____ PROVIDED RECORDS

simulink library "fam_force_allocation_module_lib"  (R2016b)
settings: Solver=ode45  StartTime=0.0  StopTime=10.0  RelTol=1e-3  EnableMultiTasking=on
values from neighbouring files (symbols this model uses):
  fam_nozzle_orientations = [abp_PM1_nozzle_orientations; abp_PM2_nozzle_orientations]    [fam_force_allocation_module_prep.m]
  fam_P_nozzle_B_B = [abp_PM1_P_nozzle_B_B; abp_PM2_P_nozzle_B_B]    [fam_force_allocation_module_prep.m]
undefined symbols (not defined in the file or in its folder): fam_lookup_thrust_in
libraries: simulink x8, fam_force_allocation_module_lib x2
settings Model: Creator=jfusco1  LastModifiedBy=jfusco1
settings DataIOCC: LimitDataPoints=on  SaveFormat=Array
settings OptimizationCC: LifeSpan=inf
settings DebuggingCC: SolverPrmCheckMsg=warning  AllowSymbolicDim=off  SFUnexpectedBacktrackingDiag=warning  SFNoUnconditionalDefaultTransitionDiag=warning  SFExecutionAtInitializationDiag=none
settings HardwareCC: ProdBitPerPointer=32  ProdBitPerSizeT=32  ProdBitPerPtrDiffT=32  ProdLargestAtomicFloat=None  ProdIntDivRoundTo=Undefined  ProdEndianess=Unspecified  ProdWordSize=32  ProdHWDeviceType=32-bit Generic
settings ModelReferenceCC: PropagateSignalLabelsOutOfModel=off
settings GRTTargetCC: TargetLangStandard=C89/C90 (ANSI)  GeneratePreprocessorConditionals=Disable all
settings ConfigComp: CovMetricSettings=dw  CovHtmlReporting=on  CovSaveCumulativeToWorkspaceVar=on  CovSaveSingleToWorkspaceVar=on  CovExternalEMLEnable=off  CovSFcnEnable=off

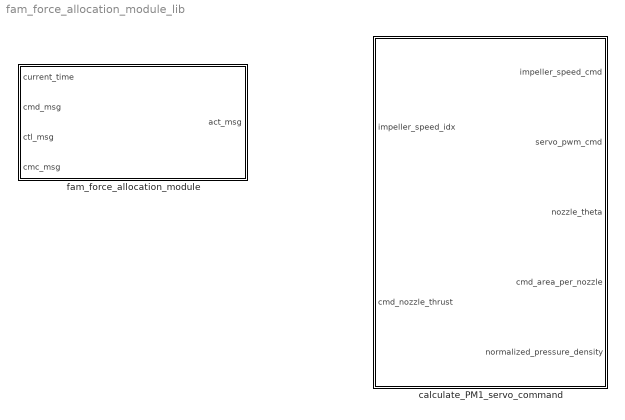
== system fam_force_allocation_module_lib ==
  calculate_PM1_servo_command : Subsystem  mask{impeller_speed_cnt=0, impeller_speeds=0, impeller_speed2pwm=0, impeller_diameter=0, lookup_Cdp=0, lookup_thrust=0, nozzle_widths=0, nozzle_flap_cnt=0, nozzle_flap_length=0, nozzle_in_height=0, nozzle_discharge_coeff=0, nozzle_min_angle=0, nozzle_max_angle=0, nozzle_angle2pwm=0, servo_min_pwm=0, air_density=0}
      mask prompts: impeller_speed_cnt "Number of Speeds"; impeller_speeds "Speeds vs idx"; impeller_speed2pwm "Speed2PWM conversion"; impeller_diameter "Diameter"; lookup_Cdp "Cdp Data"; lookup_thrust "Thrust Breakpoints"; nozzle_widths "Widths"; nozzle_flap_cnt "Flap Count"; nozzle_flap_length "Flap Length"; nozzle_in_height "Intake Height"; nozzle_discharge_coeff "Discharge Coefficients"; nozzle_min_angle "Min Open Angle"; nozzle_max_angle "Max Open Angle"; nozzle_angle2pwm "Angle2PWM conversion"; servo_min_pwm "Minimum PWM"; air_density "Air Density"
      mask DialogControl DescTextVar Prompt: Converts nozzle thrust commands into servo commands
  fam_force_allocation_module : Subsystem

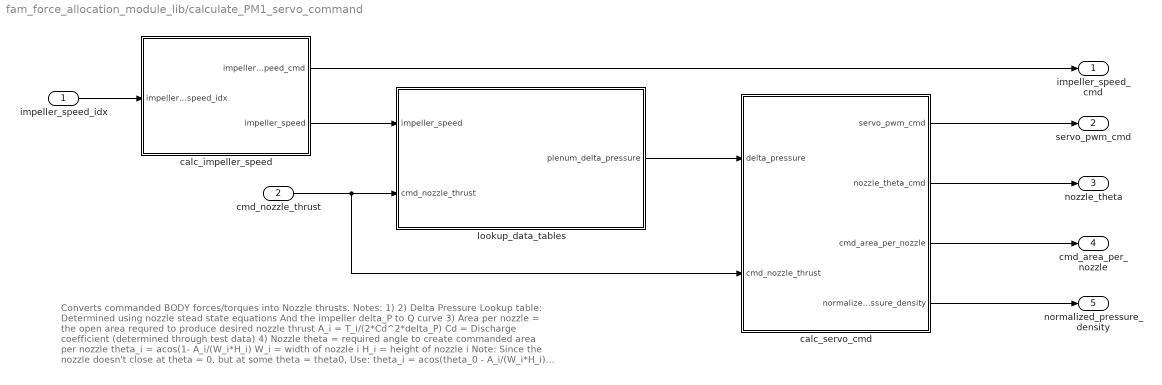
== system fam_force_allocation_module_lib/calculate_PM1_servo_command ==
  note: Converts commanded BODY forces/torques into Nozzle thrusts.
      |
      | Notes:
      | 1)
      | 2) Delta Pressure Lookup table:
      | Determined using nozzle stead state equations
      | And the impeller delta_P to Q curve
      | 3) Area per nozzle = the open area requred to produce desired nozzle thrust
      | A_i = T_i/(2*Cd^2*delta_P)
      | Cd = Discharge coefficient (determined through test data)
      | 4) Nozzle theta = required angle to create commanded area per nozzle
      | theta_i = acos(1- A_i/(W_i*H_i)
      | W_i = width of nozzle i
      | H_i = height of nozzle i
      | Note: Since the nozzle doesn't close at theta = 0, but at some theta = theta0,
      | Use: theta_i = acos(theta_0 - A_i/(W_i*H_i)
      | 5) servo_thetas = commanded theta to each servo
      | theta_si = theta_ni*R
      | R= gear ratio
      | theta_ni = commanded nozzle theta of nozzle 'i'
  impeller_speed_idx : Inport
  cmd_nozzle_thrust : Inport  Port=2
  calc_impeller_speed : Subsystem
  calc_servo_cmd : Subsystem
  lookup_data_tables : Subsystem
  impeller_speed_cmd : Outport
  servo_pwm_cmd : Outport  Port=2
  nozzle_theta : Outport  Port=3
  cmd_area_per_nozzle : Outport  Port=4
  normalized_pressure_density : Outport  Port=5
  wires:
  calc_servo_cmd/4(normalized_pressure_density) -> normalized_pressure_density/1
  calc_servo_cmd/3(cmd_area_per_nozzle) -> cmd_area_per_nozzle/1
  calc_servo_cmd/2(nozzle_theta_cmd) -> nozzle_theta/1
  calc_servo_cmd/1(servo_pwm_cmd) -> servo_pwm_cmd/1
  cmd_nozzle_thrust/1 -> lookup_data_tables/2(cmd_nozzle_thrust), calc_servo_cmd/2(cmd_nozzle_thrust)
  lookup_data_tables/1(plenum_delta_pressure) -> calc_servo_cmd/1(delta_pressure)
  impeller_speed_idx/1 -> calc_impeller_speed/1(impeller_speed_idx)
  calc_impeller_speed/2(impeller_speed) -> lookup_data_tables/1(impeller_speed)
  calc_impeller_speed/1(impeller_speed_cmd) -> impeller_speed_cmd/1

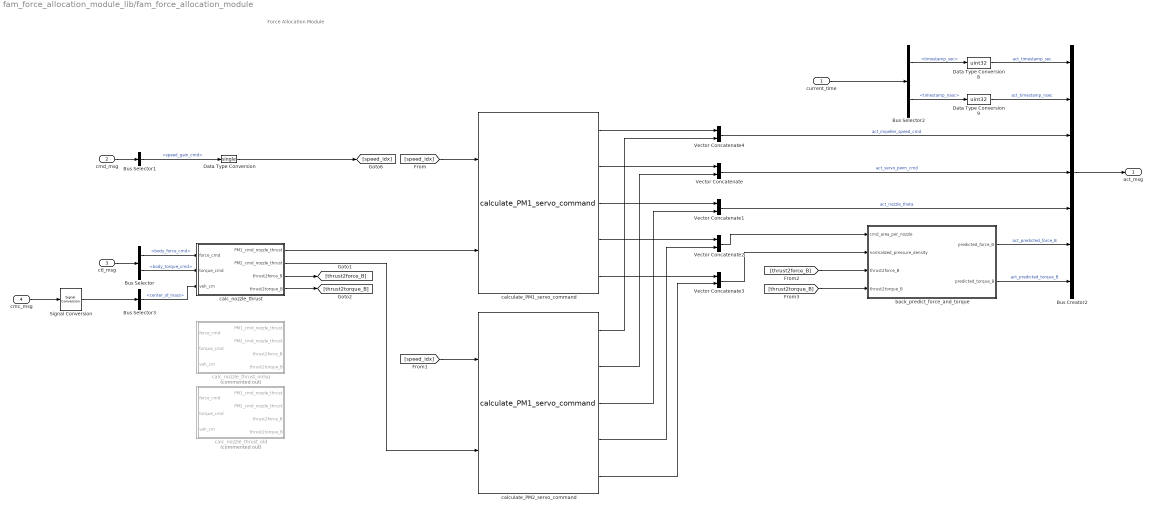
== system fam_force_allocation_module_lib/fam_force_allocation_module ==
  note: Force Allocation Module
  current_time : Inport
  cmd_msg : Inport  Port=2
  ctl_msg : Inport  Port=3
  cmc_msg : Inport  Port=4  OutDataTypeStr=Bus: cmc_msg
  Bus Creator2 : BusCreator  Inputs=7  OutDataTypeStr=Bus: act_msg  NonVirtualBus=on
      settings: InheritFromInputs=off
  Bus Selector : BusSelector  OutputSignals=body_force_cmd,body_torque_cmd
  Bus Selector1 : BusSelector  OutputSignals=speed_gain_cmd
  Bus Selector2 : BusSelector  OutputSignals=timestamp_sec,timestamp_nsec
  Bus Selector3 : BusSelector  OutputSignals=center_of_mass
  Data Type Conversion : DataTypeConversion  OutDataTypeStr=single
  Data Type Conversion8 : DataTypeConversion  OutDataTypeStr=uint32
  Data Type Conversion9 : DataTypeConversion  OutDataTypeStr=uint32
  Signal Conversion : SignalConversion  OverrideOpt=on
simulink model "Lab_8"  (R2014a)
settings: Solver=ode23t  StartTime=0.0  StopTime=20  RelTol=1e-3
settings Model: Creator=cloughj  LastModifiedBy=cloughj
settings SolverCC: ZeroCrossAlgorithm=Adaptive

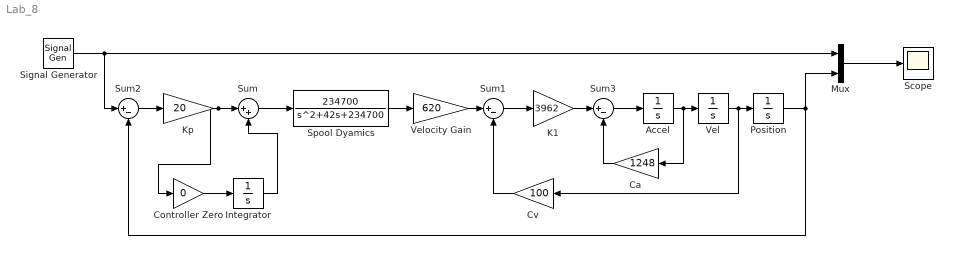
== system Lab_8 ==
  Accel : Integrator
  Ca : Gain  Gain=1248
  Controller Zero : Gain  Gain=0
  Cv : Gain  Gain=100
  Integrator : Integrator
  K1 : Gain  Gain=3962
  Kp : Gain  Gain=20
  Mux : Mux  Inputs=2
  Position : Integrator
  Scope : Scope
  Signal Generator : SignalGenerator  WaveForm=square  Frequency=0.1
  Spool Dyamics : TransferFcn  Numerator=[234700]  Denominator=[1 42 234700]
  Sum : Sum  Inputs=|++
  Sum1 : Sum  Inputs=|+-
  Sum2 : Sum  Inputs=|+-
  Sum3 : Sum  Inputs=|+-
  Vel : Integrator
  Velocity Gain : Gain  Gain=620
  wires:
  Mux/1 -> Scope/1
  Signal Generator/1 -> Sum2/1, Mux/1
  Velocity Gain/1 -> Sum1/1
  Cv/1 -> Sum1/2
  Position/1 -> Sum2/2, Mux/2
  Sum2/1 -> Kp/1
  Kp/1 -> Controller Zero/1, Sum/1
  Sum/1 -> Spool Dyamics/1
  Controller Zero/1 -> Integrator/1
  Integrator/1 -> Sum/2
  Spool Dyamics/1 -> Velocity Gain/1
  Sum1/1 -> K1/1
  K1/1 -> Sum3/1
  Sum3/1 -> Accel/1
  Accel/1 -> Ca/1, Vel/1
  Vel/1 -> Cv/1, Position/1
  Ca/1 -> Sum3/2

________

> EXERCISE GOAL: Transcribe each line of the data above, unaltered, from the one where "cmd_nozzle_thrust : Inport" appears to the one where "nozzle_theta : Outport" appears, inclusive of both.

> ANSWER SECTION:
  cmd_nozzle_thrust : Inport  Port=2
  calc_impeller_speed : Subsystem
  calc_servo_cmd : Subsystem
  lookup_data_tables : Subsystem
  impeller_speed_cmd : Outport
  servo_pwm_cmd : Outport  Port=2
  nozzle_theta : Outport  Port=3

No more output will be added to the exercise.